Tatsache sei laut Hochstöger auf jeden Fall, dass die Abgrenzung der Tätigkeiten beider Berufsgruppen in Österreich klar geregelt ist: Medikamentenabgabe durch Apotheken, Diagnose und Therapie durch Ärzte. „Es ist fahrlässig, dieses gut funktionierende System mutwillig zu verändern. Die Abgabe von Medikamenten ist nur in ländlichen Regionen über ärztliche Hausapotheken möglich. Wieso Mediziner jetzt plötzlich die Aufgaben der Apotheker übernehmen und Arzneimittel in der Ordination verkaufen wollen, ist aus gesundheitspolitischer Sicht nicht nachvollziehbar. Ein Wechsel wäre patientenfeindlich und teuer. Abgesehen davon, dass die flächendeckende Versorgung mit Apotheken gefährdet wäre. Im Raum steht weiters, dass Ärzten Anreize geboten werden, Medikamente nach wirtschaftlichen und nicht nach medizinischen Kriterien zu verschreiben“, so Hochstöger.
Dass es wirtschaftliche Aspekte gibt, ist freilich nicht zu leugnen. Mag. pharm. Werner Luks, Apotheke Zum Heiligen Geist in Ybbs a. d. Donau: „Dass es in Europa 1.700 dispensierende Ärzte gibt, mehr als 900 davon in Österreich und davon wiederum fast 300 alleine in Niederösterreich, ist bezeichnend. Dr. Reisner macht mit seinem Vorstoß nicht nur die Leistungen der Apotheken herunter, sondern betreibt auch Rosinenpickerei, indem nur die 20 bis 30 gängigsten Arzneimittel von Ärzten geführt werden sollen. Mit diesen bestreiten die Apotheken allerdings rund 80 % ihrer Umsätze!“

* Link zur Berner Studie: www.vwl.unibe.ch/papers/dp/dp1303.pdf
Kommentar
Hausärzte sind vom Aussterben bedroht, den Apothekern blüht ebenfalls existenzgefährdendes Ungemach von mehreren Seiten. Stichworte: Internethandel, Drogerieketten, Preisverfall usw. Apotheker und niedergelassene Ärzte wissen das genau. Ich habe mit vielen darüber gesprochen. Leider leben ausgerechnet manche Kammerfunktionäre hüben wie drüben in einer eigenen Welt. Bis dorthin hat sich die Kunde noch nicht durchgesprochen, dass man eigentlich nur gemeinsam stärker wäre.

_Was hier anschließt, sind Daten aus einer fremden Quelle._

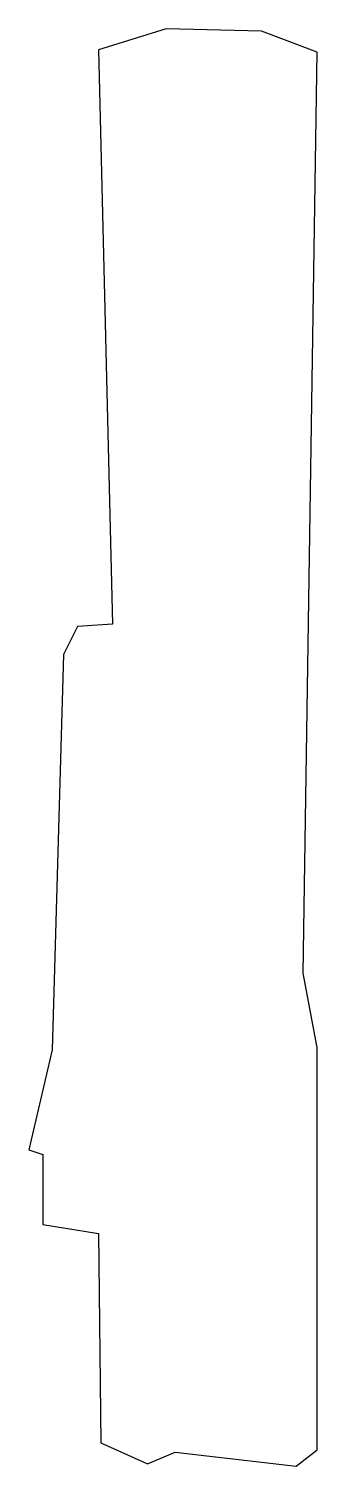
# Model space of a CAD drawing. Header units: metres. Extents: x 82 to 114, y 56 to 210.
import ezdxf

# ---------------------------------------------------------------- set-up
doc = ezdxf.new("R2010")
doc.units = ezdxf.units.M

msp = doc.modelspace()

# ---------------------------------------------------------------- linework, layer by layer
msp.add_lwpolyline([(97.25, 210.25), (90, 208), (91.5, 146.25), (87.75, 146), (86.25, 143), (85, 100.5), (82.5, 89.75), (84, 89.25), (84, 81.75), (90, 80.75), (90.25, 58.25), (95.25, 56), (98.25, 57.25), (111.25, 55.75), (113.5, 57.5), (113.5, 100.75), (112, 108.75), (113.5, 207.75), (107.5, 210)], close=True)

doc.saveas('drawing.dxf')
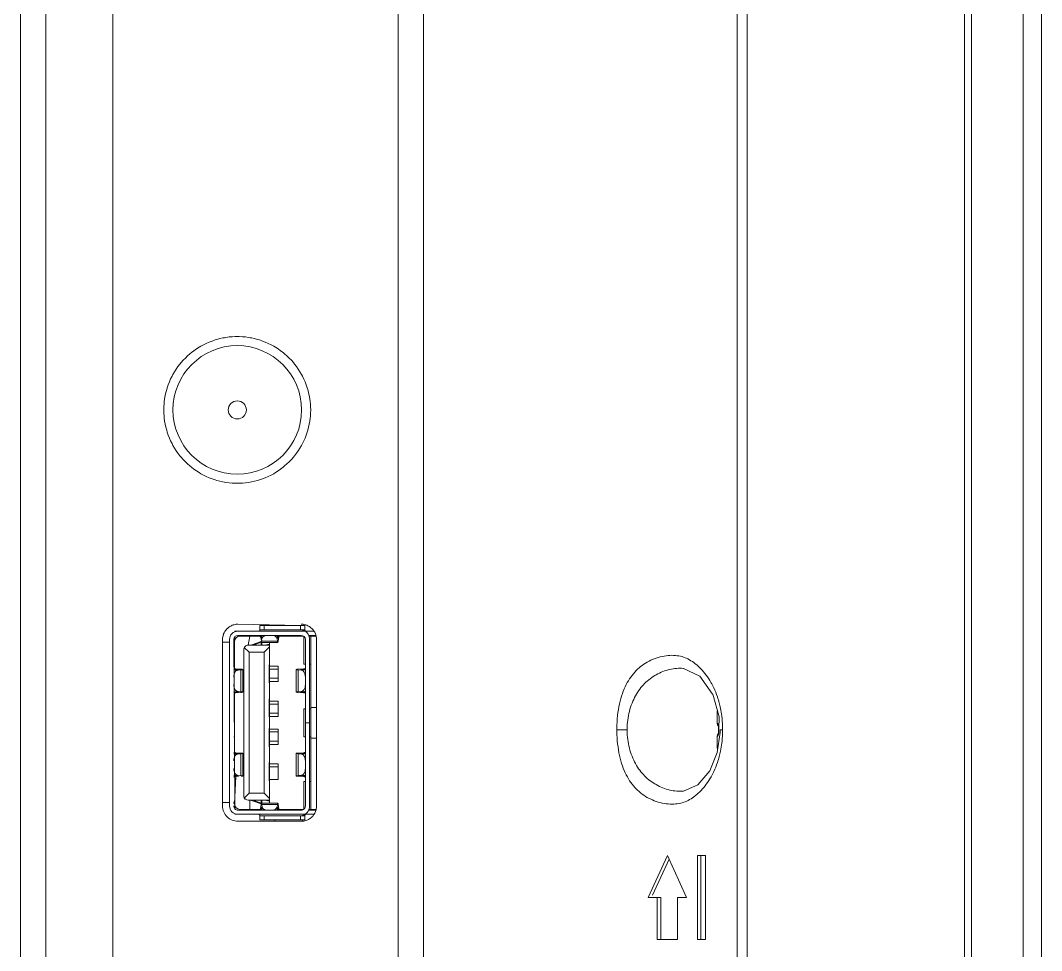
# Model space of a CAD drawing. Extents: x -382 to 1420, y -377 to 265.
# Drawn here: x -360.844 to -357.97, y -11.515 to -8.895 of the extents above; entities that cross this region are included whole.
import ezdxf

# ---------------------------------------------------------------- set-up
doc = ezdxf.new("R2010")
doc.units = 0
doc.header["$MEASUREMENT"] = 0
doc.layers.add('PDF_レイヤー 1', color=7, linetype='CONTINUOUS')

msp = doc.modelspace()

# ---------------------------------------------------------------- linework, layer by layer
at = {"layer": 'PDF_レイヤー 1', "lineweight": 0}
for points in [[(-358.18636, -25.74844), (-358.18636, 7.05656)], [(-358.18636, -25.74055), (-358.18636, 7.04876)], [(-358.02171, 7.05571), (-358.1667, 7.06835), (-358.1667, -25.76026)], [(-357.96984, 7.00387), (-358.02164, 7.05567), (-358.02164, -25.74753)], [(-358.02164, -25.74746), (-357.96984, -25.69579), (-357.96984, 7.00394)], [(-359.70952, -21.45991), (-359.70952, 5.1687), (-358.82682, 6.84425)], [(-358.82676, 6.84428), (-358.82676, -25.61062), (-358.1864, -25.61062)], [(-360.8436, -2.02815), (-360.8436, -25.70896)], [(-360.84365, -5.78133), (-360.77172, -5.78133), (-360.77172, -16.9502)], [(-360.23343, -9.78568), (-360.23912, -9.78568), (-360.24787, -9.78623), (-360.25662, -9.78693), (-360.26523, -9.78818), (-360.2694, -9.78887), (-360.27384, -9.78971), (-360.28232, -9.79151), (-360.29079, -9.79387), (-360.29606, -9.7954), (-360.3044, -9.79832), (-360.31245, -9.80137), (-360.32051, -9.80498), (-360.32828, -9.80887), (-360.33606, -9.8129), (-360.34092, -9.81582), (-360.34828, -9.82054), (-360.35536, -9.82554), (-360.36231, -9.83081), (-360.36661, -9.83442), (-360.37328, -9.84026), (-360.37953, -9.84623), (-360.38564, -9.85248), (-360.39133, -9.85914), (-360.39494, -9.86345), (-360.40022, -9.87039), (-360.40522, -9.87762), (-360.40994, -9.88484), (-360.41439, -9.89247), (-360.41703, -9.89747), (-360.42091, -9.90525), (-360.42439, -9.91317), (-360.42744, -9.92136), (-360.43036, -9.92969), (-360.43202, -9.93511), (-360.43425, -9.94344), (-360.43605, -9.95205), (-360.43772, -9.96066), (-360.43883, -9.96927), (-360.43938, -9.97497), (-360.43994, -9.98358), (-360.44008, -9.99247), (-360.43994, -10.00108), (-360.43938, -10.00983), (-360.43883, -10.01552), (-360.43772, -10.02399), (-360.43605, -10.03274), (-360.43425, -10.04121), (-360.43202, -10.04968), (-360.43036, -10.0551), (-360.42744, -10.06343), (-360.42439, -10.07149), (-360.42091, -10.07954), (-360.41703, -10.08718), (-360.41439, -10.09232), (-360.40994, -10.09982), (-360.40522, -10.10718), (-360.40022, -10.1144), (-360.39494, -10.12134), (-360.39133, -10.12565), (-360.38564, -10.13231), (-360.37953, -10.13856), (-360.37328, -10.14454), (-360.36661, -10.15023), (-360.36231, -10.15398), (-360.35536, -10.15926), (-360.34828, -10.16426), (-360.34092, -10.16884), (-360.33606, -10.17189), (-360.32828, -10.17592), (-360.32051, -10.17981), (-360.31245, -10.18328), (-360.3044, -10.18648), (-360.29606, -10.18939), (-360.29079, -10.19092), (-360.28232, -10.19314), (-360.27384, -10.19509), (-360.2694, -10.19592), (-360.26523, -10.19648), (-360.25662, -10.19773), (-360.24787, -10.19856), (-360.23912, -10.19898), (-360.23343, -10.19898)], [(-360.23343, -10.19899), (-360.22774, -10.19899), (-360.21899, -10.19857), (-360.21024, -10.19774), (-360.20163, -10.19649), (-360.19732, -10.19593), (-360.19302, -10.1951), (-360.18455, -10.19316), (-360.17607, -10.19093), (-360.17066, -10.18941), (-360.16247, -10.18649), (-360.15441, -10.1833), (-360.14636, -10.17982), (-360.13844, -10.17594), (-360.1308, -10.17191), (-360.12594, -10.16885), (-360.11858, -10.16427), (-360.1115, -10.15927), (-360.10455, -10.15399), (-360.10011, -10.15024), (-360.09358, -10.14455), (-360.08733, -10.13844), (-360.08122, -10.13233), (-360.07553, -10.12566), (-360.07192, -10.12122), (-360.0665, -10.11441), (-360.06164, -10.10719), (-360.05692, -10.09983), (-360.05247, -10.09219), (-360.04984, -10.08719), (-360.04595, -10.07956), (-360.04248, -10.0715), (-360.03928, -10.06331), (-360.0365, -10.05511), (-360.03484, -10.0497), (-360.03262, -10.04123), (-360.03081, -10.03275), (-360.02914, -10.024), (-360.02803, -10.01553), (-360.02748, -10.00984), (-360.02692, -10.00109), (-360.02678, -9.99248), (-360.02692, -9.98359), (-360.02748, -9.97498), (-360.02803, -9.96929), (-360.02914, -9.96068), (-360.03081, -9.95207), (-360.03262, -9.94346), (-360.03484, -9.93512), (-360.0365, -9.92971), (-360.03928, -9.92138), (-360.04248, -9.91318), (-360.04595, -9.90527), (-360.04984, -9.89749), (-360.05247, -9.89249), (-360.05692, -9.88485), (-360.06164, -9.87763), (-360.0665, -9.87041), (-360.07192, -9.86346), (-360.07553, -9.85916), (-360.08122, -9.85249), (-360.08733, -9.84624), (-360.09358, -9.84027), (-360.10011, -9.83444), (-360.10455, -9.83083), (-360.1115, -9.82555), (-360.11858, -9.82055), (-360.12594, -9.81583), (-360.1308, -9.81291), (-360.13844, -9.80875), (-360.14636, -9.805), (-360.15441, -9.80139), (-360.16247, -9.79833), (-360.17066, -9.79541), (-360.17607, -9.79389), (-360.18455, -9.79153), (-360.19302, -9.78972), (-360.19732, -9.78889), (-360.20163, -9.78819), (-360.21024, -9.78694), (-360.21899, -9.78625), (-360.22774, -9.78569), (-360.23343, -9.78569)], [(-360.04366, -10.61155), (-360.16962, -10.61155), (-360.16962, -10.59975)], [(-360.16959, -10.59976), (-360.04363, -10.59976), (-360.04363, -10.61156)], [(-360.15776, -10.59976), (-360.15776, -10.61156)], [(-360.24049, -10.61752), (-360.24049, -10.61544)], [(-360.24049, -10.61548), (-360.01814, -10.61548)], [(-360.24049, -10.64017), (-360.24049, -10.63156)], [(-360.16698, -10.62728), (-360.16615, -10.63353)], [(-360.16501, -10.63326), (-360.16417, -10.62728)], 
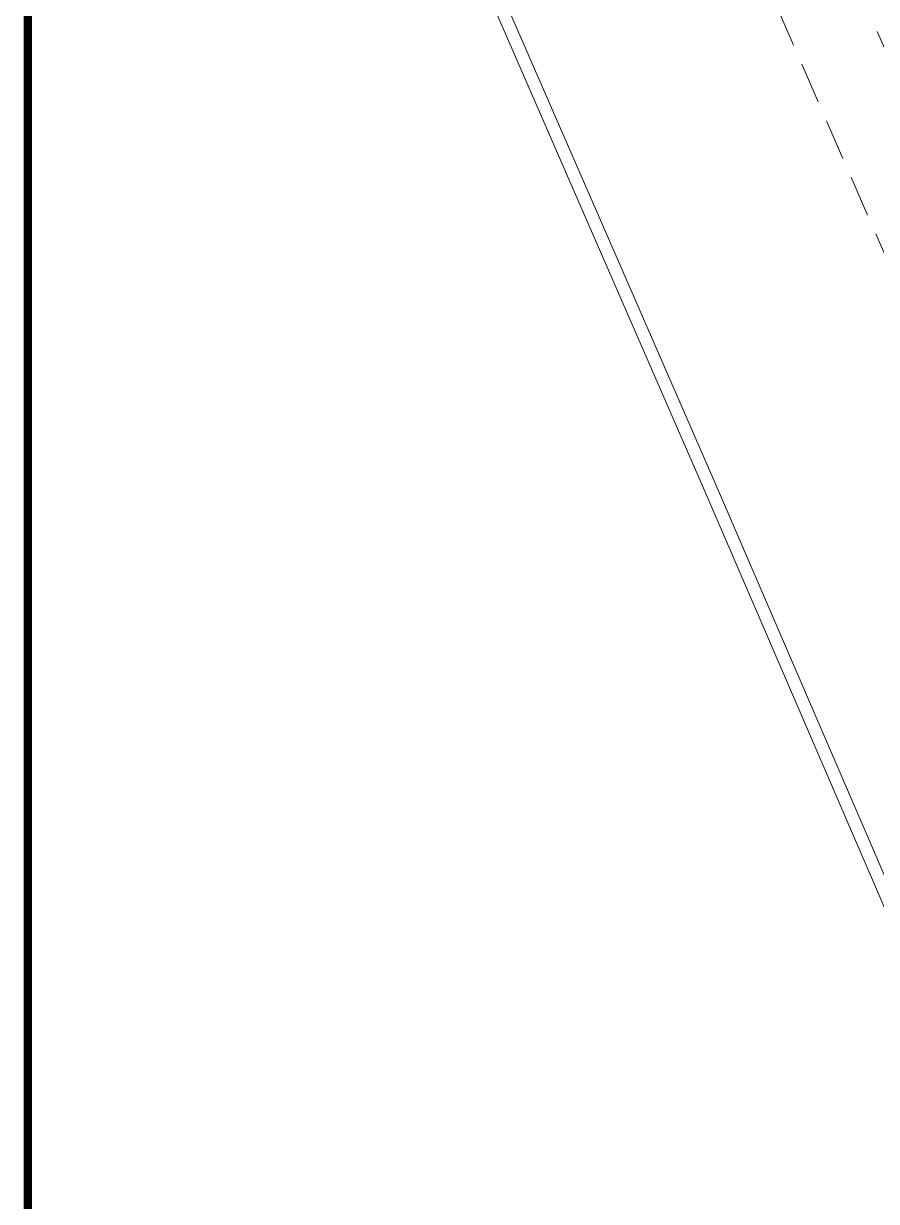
# Model space of a CAD drawing. Header units: inches. Extents: x 27644242 to 29005101, y -955243 to 216979.
# Drawn here: x 28689497 to 28705045, y -449433 to -427969 of the extents above; entities that cross this region are included whole.
import ezdxf

# ---------------------------------------------------------------- set-up
doc = ezdxf.new("R2010")
doc.units = ezdxf.units.IN
doc.header["$MEASUREMENT"] = 0
doc.linetypes.add('01-Xref Col Podium Lvl-1$0$HIDDEN', pattern=[0.375, 0.25, -0.125])
doc.layers.get('Defpoints').update_dxf_attribs({"color": 8})
doc.layers.add('RVA Site Boundary', color=17, linetype='Continuous', lineweight=15)

msp = doc.modelspace()

# ---------------------------------------------------------------- linework, layer by layer
at = {"layer": 'Defpoints', "linetype": 'Continuous', "const_width": 154.4}
msp.add_lwpolyline([(28798160.5, -402914.8), (28798160.5, -477164.8), (28689573.8, -477164.8), (28689573.8, -402914.8)], close=True, dxfattribs=at)
at = {"layer": 'Defpoints', "color": 6, "ltscale": 500}
msp.add_lwpolyline([(28689580.5, -453486.8), (28798167.2, -453486.8), (28798167.2, -405191.6), (28689580.5, -405191.6)], close=True, dxfattribs=at)
at = {"layer": 'RVA Site Boundary', "ltscale": 500}
msp.add_lwpolyline([(28742304.8, -440733.9), (28734332.8, -441459.6), (28734049.9, -441519.6), (28733451.4, -441661.5), (28714532.9, -446638.7), (28712893.1, -447104.3), (28712617.9, -447181.8), (28711492, -447443.8), (28711137.2, -447525.4), (28707523.8, -448541), (28707182.4, -448688.8), (28706827.5, -447866.8), (28701891.2, -436434.3), (28694440.8, -419339.3), (28690189.5, -409729.5), (28698006.8, -409626.9), (28714624.7, -409462.2), (28721195.2, -409521.4), (28728662, -409499.3), (28742984.3, -409504.6)], dxfattribs=at)
msp.add_lwpolyline([(28742304.8, -440733.9), (28734332.8, -441459.6), (28734049.9, -441519.6), (28733451.4, -441661.5), (28714532.9, -446638.7), (28712893.1, -447104.3), (28712617.9, -447181.8), (28711492, -447443.8), (28711137.2, -447525.4), (28707523.8, -448541), (28707182.4, -448688.8), (28706827.5, -447866.8), (28701891.2, -436434.3), (28694440.8, -419339.3), (28690189.5, -409729.5), (28698006.8, -409626.9), (28714624.7, -409462.2), (28721195.2, -409521.4), (28728662, -409499.3), (28742984.3, -409504.6)], dxfattribs=at)
at = {"layer": 'RVA Site Boundary', "color": 5, "ltscale": 500}
for points in [[(28742304.8, -440733.9), (28734332.8, -441459.6), (28734049.9, -441519.6), (28733451.4, -441661.5), (28714532.9, -446638.7), (28712893.1, -447104.3), (28712617.9, -447181.8), (28711492, -447443.8), (28711137.2, -447525.4), (28707523.8, -448541), (28707182.4, -448688.8), (28706827.5, -447866.8), (28701891.2, -436434.3), (28694440.8, -419339.3), (28690189.5, -409729.5), (28698006.8, -409626.9), (28714624.7, -409462.2), (28721195.2, -409521.4), (28728662, -409499.3), (28742984.3, -409504.6)], [(28742287.8, -440504.5), (28734298.4, -441231.8), (28733999.5, -441295.2), (28733395.6, -441438.4), (28714472.3, -446416.8), (28712830.5, -446883), (28712560.7, -446959), (28711440.1, -447219.7), (28711080.2, -447302.5), (28707446.6, -448323.7), (28707302.3, -448386.3), (28707038.7, -447775.7), (28702102.2, -436342.7), (28694651.4, -419246.8), (28690540.8, -409954.9), (28698009.5, -409856.9), (28714624.8, -409692.2), (28721194.5, -409751.4), (28728662.3, -409729.3), (28742984.1, -409734.6)]]:
    msp.add_lwpolyline(points, dxfattribs=at)
at = {"layer": 'RVA Site Boundary', "linetype": '01-Xref Col Podium Lvl-1$0$HIDDEN', "ltscale": 3000}
for points in [[(28741955.5, -436016.2), (28733624.9, -436774.5), (28733013.3, -436904.3), (28732304, -437072.4), (28713285.1, -442076), (28711605.9, -442552.8), (28711440.2, -442599.5), (28710425.7, -442835.5), (28709966.3, -442941.2), (28709865.1, -442969.7), (28706230.5, -434551.9), (28698771.7, -417437.6), (28697412.5, -414365.1), (28698061.3, -414356.6), (28714626.9, -414192.4), (28721180.9, -414251.4), (28728668.1, -414229.3), (28742981.5, -414234.6)], [(28741844.7, -434520.1), (28733400.5, -435288.7), (28732684.5, -435440.6), (28731940.1, -435617.1), (28712889.4, -440629.1), (28711197.7, -441109.4), (28711066.7, -441146.3), (28710744.1, -441221.4), (28707606.6, -433954.9), (28700145.1, -416834.5), (28699705.3, -415840.4), (28714627.6, -415692.5), (28721176.3, -415751.4), (28728670, -415729.3), (28742980.7, -415734.6)]]:
    msp.add_lwpolyline(points, dxfattribs=at)

doc.saveas('drawing.dxf')

Ärzte und Apotheker vertreten die zweifelsfrei wichtigsten Gesundheitsberufe. Beide werden bei praktisch jeder Verhandlung vom „System“, also den Politikern, beharrlich übergangen. Was heißt übergangen? Nicht einmal ignoriert. An der Peripherie ist dieser Umstand allen Betroffenen sonnenklar. Weder Ärzte noch Apotheker haben im täglichen Umgang miteinander gröbere Probleme. Der „Feind“ kommt von außen und bedroht beide gleichermaßen. Wenn also Präsident Reisner tatsächlich offen für Kooperationsmodelle zwischen Ärzten und Apothekern ist, dann sollte er besser darüber laut nachdenken, anstatt Öl in ein Feuer zu gießen, das am besten gar nicht brennen sollte.
PS: Öffentliche Frage: Was hält Dr. Reisner von der Idee, Apotheker künftig impfen, Blut abnehmen und per moderner Schnelltests Laborwerte bestimmen zu lassen?